# Ariens Deluxe Differences



## sweatypickle (Sep 16, 2014)

Hello all. I'm trying to decide between an Ariens Deluxe 24 and Deluxe 28 plus and I had a couple questions. 

Is there any difference/benefit to the gear layout in the Deluxe 28+ (and all upper end models) compared to the horizontal layout that's used in the Deluxe 24, 28, 30 and all lower end models (including Snow-tek).

Ie:







vs









The 28+ is about $300 after taxes above the 24. I'm ignoring the standard 28 as the 12.5ft-lbs engine should have slightly more headroom on the 24. The 24 in my area also comes with the X-trac style tires ($100 upgrade) as opposed to the awful Polar Trac tires on the standard 28.

As for the logistics part, my clearing area is about 1600 square feet so the extra 4 inches shouldn't be that noticeable. The additional 3.5 inches might make getting past a vehicle in the carport more difficult. I'm in Northern Ontario Canada so we do get some large snowfalls but it's not an extreme snowbelt area. Would the extra 2ft-lbs torque be noticeable or would the smaller intake/engine on the 24 basically even out? Any comments would be greatly appreciated.

Thanks!


----------



## RIT333 (Feb 6, 2014)

My thought -

To me, it just seems to make more sense to have the speed control front-to-back as opposed to sideways - it just seems to be the way my brain thinks !
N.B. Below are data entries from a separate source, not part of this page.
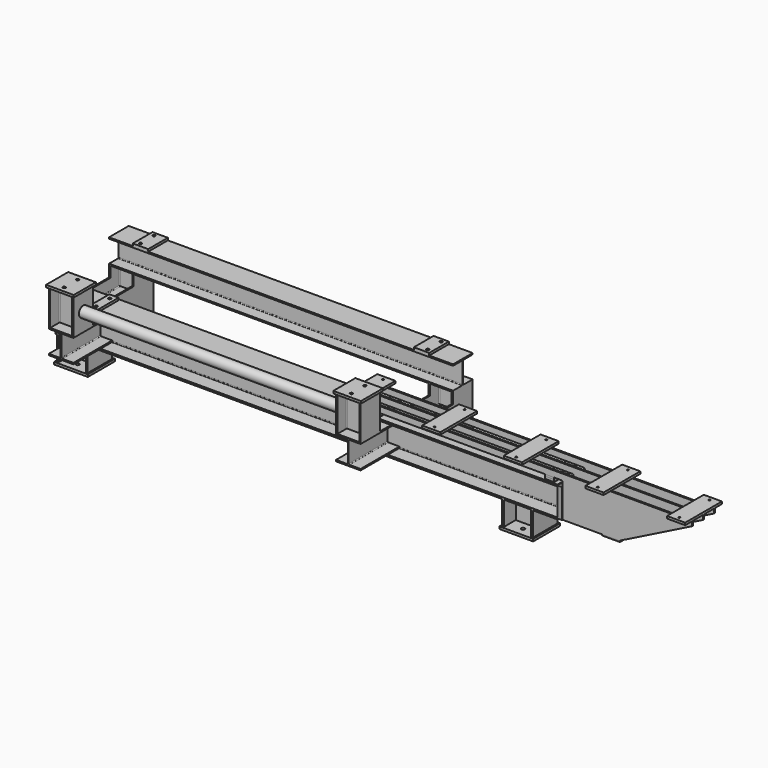
from build123d import *

# Parameters (mm, degrees)
F0_W       = 228.6
F0_H       = 228.6
F0_R       = 14.2875
F1_DEPTH   = 19.05
F0_W_2     = 279.4
F0_H_2     = 279.4
F3_DEPTH   = 504.952
F5_DEPTH   = 2844.8
F6_W       = 127
F6_H       = 203.2
F6_R       = 11.1125
F7_DEPTH   = 19.05
F9_DEPTH   = 482.6
F12_DEPTH  = 4152.9
F14_DEPTH  = 198.374
F15_W      = 76.2
F15_H      = 228.6
F15_R      = 11.1125
F16_DEPTH  = 19.05
F18_DEPTH  = 401.574
F20_DEPTH  = 292.1
F21_W      = 228.6
F21_H      = 228.6
F21_R      = 11.1125
F22_DEPTH  = 19.05
F23_R      = 44.45
F23_R_2    = 38.9636
F24_DEPTH  = 2171.7
F25_W      = 76.2
F25_H      = 228.6
F25_R      = 11.1125
F26_DEPTH  = 19
F28_W      = 150
F28_H      = 380
F28_R      = 7.25
F29_DEPTH  = 19
F31_W      = 254
F31_H      = 239.776
F31_R      = 10
F32_DEPTH  = 19
F33_W      = 254
F33_H      = 239.776
F33_R      = 10
F34_DEPTH  = 19
F36_DEPTH  = 6.25
F38_DEPTH  = 6.25
F39_SIZE2  = 600
F39_SIZE   = 300
F41_SIZE   = 40
F41_2_SIZE = 40
F43_W      = 150
F43_H      = 228.6
F44_DEPTH  = 12.5


with BuildPart() as f1:
    # F0 (on Top) → F1 (new body)
    with BuildSketch(Plane.XY):
        with Locations((-1320.8, 241.3)):
            Rectangle(F0_W, F0_H)
        with Locations((-1320.8, 171.45)):
            Circle(F0_R, mode=Mode.SUBTRACT)
        with Locations((-1320.8, 311.15)):
            Circle(F0_R, mode=Mode.SUBTRACT)
    extrude(amount=F1_DEPTH)

    # F2 (on face) → F3 (join)
    with BuildSketch(Plane.XY.offset(19.05)):
        with BuildLine():
            Line((-1411.351, 342.9), (-1422.4, 342.9))
            Line((-1422.4, 342.9), (-1422.4, 139.7))
            Line((-1422.4, 139.7), (-1411.351, 139.7))
            Line((-1411.351, 139.7), (-1411.351, 231.3305))
            ThreePointArc((-1411.351, 231.3305), (-1409.4911280605, 235.8206280605), (-1405.001, 237.6805))
            Line((-1405.001, 237.6805), (-1320.8, 237.6805))
            Line((-1320.8, 237.6805), (-1236.599, 237.6805))
            ThreePointArc((-1236.599, 237.6805), (-1232.1088719395, 235.8206280605), (-1230.249, 231.3305))
            Line((-1230.249, 231.3305), (-1230.249, 139.7))
            Line((-1230.249, 139.7), (-1219.2, 139.7))
            Line((-1219.2, 139.7), (-1219.2, 342.9))
            Line((-1219.2, 342.9), (-1230.249, 342.9))
            Line((-1230.249, 342.9), (-1230.249, 251.2695))
            ThreePointArc((-1230.249, 251.2695), (-1232.1088719395, 246.7793719395), (-1236.599, 244.9195))
            Line((-1236.599, 244.9195), (-1320.8, 244.9195))
            Line((-1320.8, 244.9195), (-1405.001, 244.9195))
            ThreePointArc((-1405.001, 244.9195), (-1409.4911280605, 246.7793719395), (-1411.351, 251.2695))
            Line((-1411.351, 251.2695), (-1411.351, 342.9))
        make_face()
    extrude(amount=F3_DEPTH)



with BuildPart() as f1b:
    # F0 (on Top) → F1, piece 2 (new body)
    with BuildSketch(Plane.XY):
        with Locations((1320.8, 241.3)):
            Rectangle(F0_W, F0_H)
        with Locations((1320.8, 171.45)):
            Circle(F0_R, mode=Mode.SUBTRACT)
        with Locations((1320.8, 311.15)):
            Circle(F0_R, mode=Mode.SUBTRACT)
    extrude(amount=F1_DEPTH)

    # F2 (on face) → F3, piece 2 (join)
    with BuildSketch(Plane.XY.offset(19.05)):
        with BuildLine():
            Line((1411.351, 342.9), (1411.351, 251.2695))
            ThreePointArc((1411.351, 251.2695), (1409.4911280605, 246.7793719395), (1405.001, 244.9195))
            Line((1405.001, 244.9195), (1320.8, 244.9195))
            Line((1320.8, 244.9195), (1236.599, 244.9195))
            ThreePointArc((1236.599, 244.9195), (1232.1088719395, 246.7793719395), (1230.249, 251.2695))
            Line((1230.249, 251.2695), (1230.249, 342.9))
            Line((1230.249, 342.9), (1219.2, 342.9))
            Line((1219.2, 342.9), (1219.2, 139.7))
            Line((1219.2, 139.7), (1230.249, 139.7))
            Line((1230.249, 139.7), (1230.249, 231.3305))
            ThreePointArc((1230.249, 231.3305), (1232.1088719395, 235.8206280605), (1236.599, 237.6805))
            Line((1236.599, 237.6805), (1320.8, 237.6805))
            Line((1320.8, 237.6805), (1405.001, 237.6805))
            ThreePointArc((1405.001, 237.6805), (1409.4911280605, 235.8206280605), (1411.351, 231.3305))
            Line((1411.351, 231.3305), (1411.351, 139.7))
            Line((1411.351, 139.7), (1422.4, 139.7))
            Line((1422.4, 139.7), (1422.4, 342.9))
            Line((1422.4, 342.9), (1411.351, 342.9))
        make_face()
    extrude(amount=F3_DEPTH)


with BuildPart() as f1c:
    # F0 (on Top) → F1, piece 3 (new body)
    with BuildSketch(Plane.XY):
        with Locations((2362.2, -241.3)):
            Rectangle(F0_W_2, F0_H_2)
        with Locations((2362.2, -311.15)):
            Circle(F0_R, mode=Mode.SUBTRACT)
        with Locations((2362.2, -171.45)):
            Circle(F0_R, mode=Mode.SUBTRACT)
    extrude(amount=F1_DEPTH)


with BuildPart() as f1d:
    # F0 (on Top) → F1, piece 4 (new body)
    with BuildSketch(Plane.XY):
        with Locations((-1320.8, -241.3)):
            Rectangle(F0_W_2, F0_H_2)
        with Locations((-1320.8, -311.15)):
            Circle(F0_R, mode=Mode.SUBTRACT)
        with Locations((-1320.8, -171.45)):
            Circle(F0_R, mode=Mode.SUBTRACT)
    extrude(amount=F1_DEPTH)


with BuildPart() as f1_1:
    add(f1.part)

    add(f1b.part)  # F5 merges F1b
    # F4 (on face) → F5 (join, through all)
    with BuildSketch(Plane.YZ.offset(1422.4)):
        with BuildLine():
            Line((139.7, 535.051), (139.7, 524.002))
            Line((139.7, 524.002), (342.9, 524.002))
            Line((342.9, 524.002), (342.9, 535.051))
            Line((342.9, 535.051), (251.2695, 535.051))
            ThreePointArc((251.2695, 535.051), (246.7793719395, 536.9108719395), (244.9195, 541.401))
            Line((244.9195, 541.401), (244.9195, 709.803))
            ThreePointArc((244.9195, 709.803), (246.7793719395, 714.2931280605), (251.2695, 716.153))
            Line((251.2695, 716.153), (342.9, 716.153))
            Line((342.9, 716.153), (342.9, 727.202))
            Line((342.9, 727.202), (139.7, 727.202))
            Line((139.7, 727.202), (139.7, 716.153))
            Line((139.7, 716.153), (231.3305, 716.153))
            ThreePointArc((231.3305, 716.153), (235.8206280605, 714.2931280605), (237.6805, 709.803))
            Line((237.6805, 709.803), (237.6805, 541.401))
            ThreePointArc((237.6805, 541.401), (235.8206280605, 536.9108719395), (231.3305, 535.051))
            Line((231.3305, 535.051), (139.7, 535.051))
        make_face()
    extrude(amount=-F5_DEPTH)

As far as engine size, I feel that you can never have too much HP. This purchase should last you 2-0-30 years, so I tend to go for the biggest/best.

A question on the chute-direction control. I wonder why Ariens changed to the ice-auger control from the joy-stick set up. I feel that the joy-stick on my works great, and is very convenient and responsive. Any ideas ?


----------



## UNDERTAKER (Dec 30, 2013)

ALOHA to the forms.. interesting name there, never had a sweaty pickle myself.


----------



## liftoff1967 (Jan 15, 2014)

Ok, any other Ariens people confused??

The first photo above clearly indicates it is a deluxe 30, but shows, what I'm gonna call horizontal shifting. Looking at the Ariens web pages (the video's to be specific) they indicate vertical shifting as shown on the bottom photo for the Deluxe series, and then for the compact series, they are shown horizontal shifting. What gives??


----------



## sweatypickle (Sep 16, 2014)

liftoff1967 said:


> Ok, any other Ariens people confused??
> 
> The first photo above clearly indicates it is a deluxe 30, but shows, what I'm gonna call horizontal shifting. Looking at the Ariens web pages (the video's to be specific) they indicate vertical shifting as shown on the bottom photo for the Deluxe series, and then for the compact series, they are shown horizontal shifting. What gives??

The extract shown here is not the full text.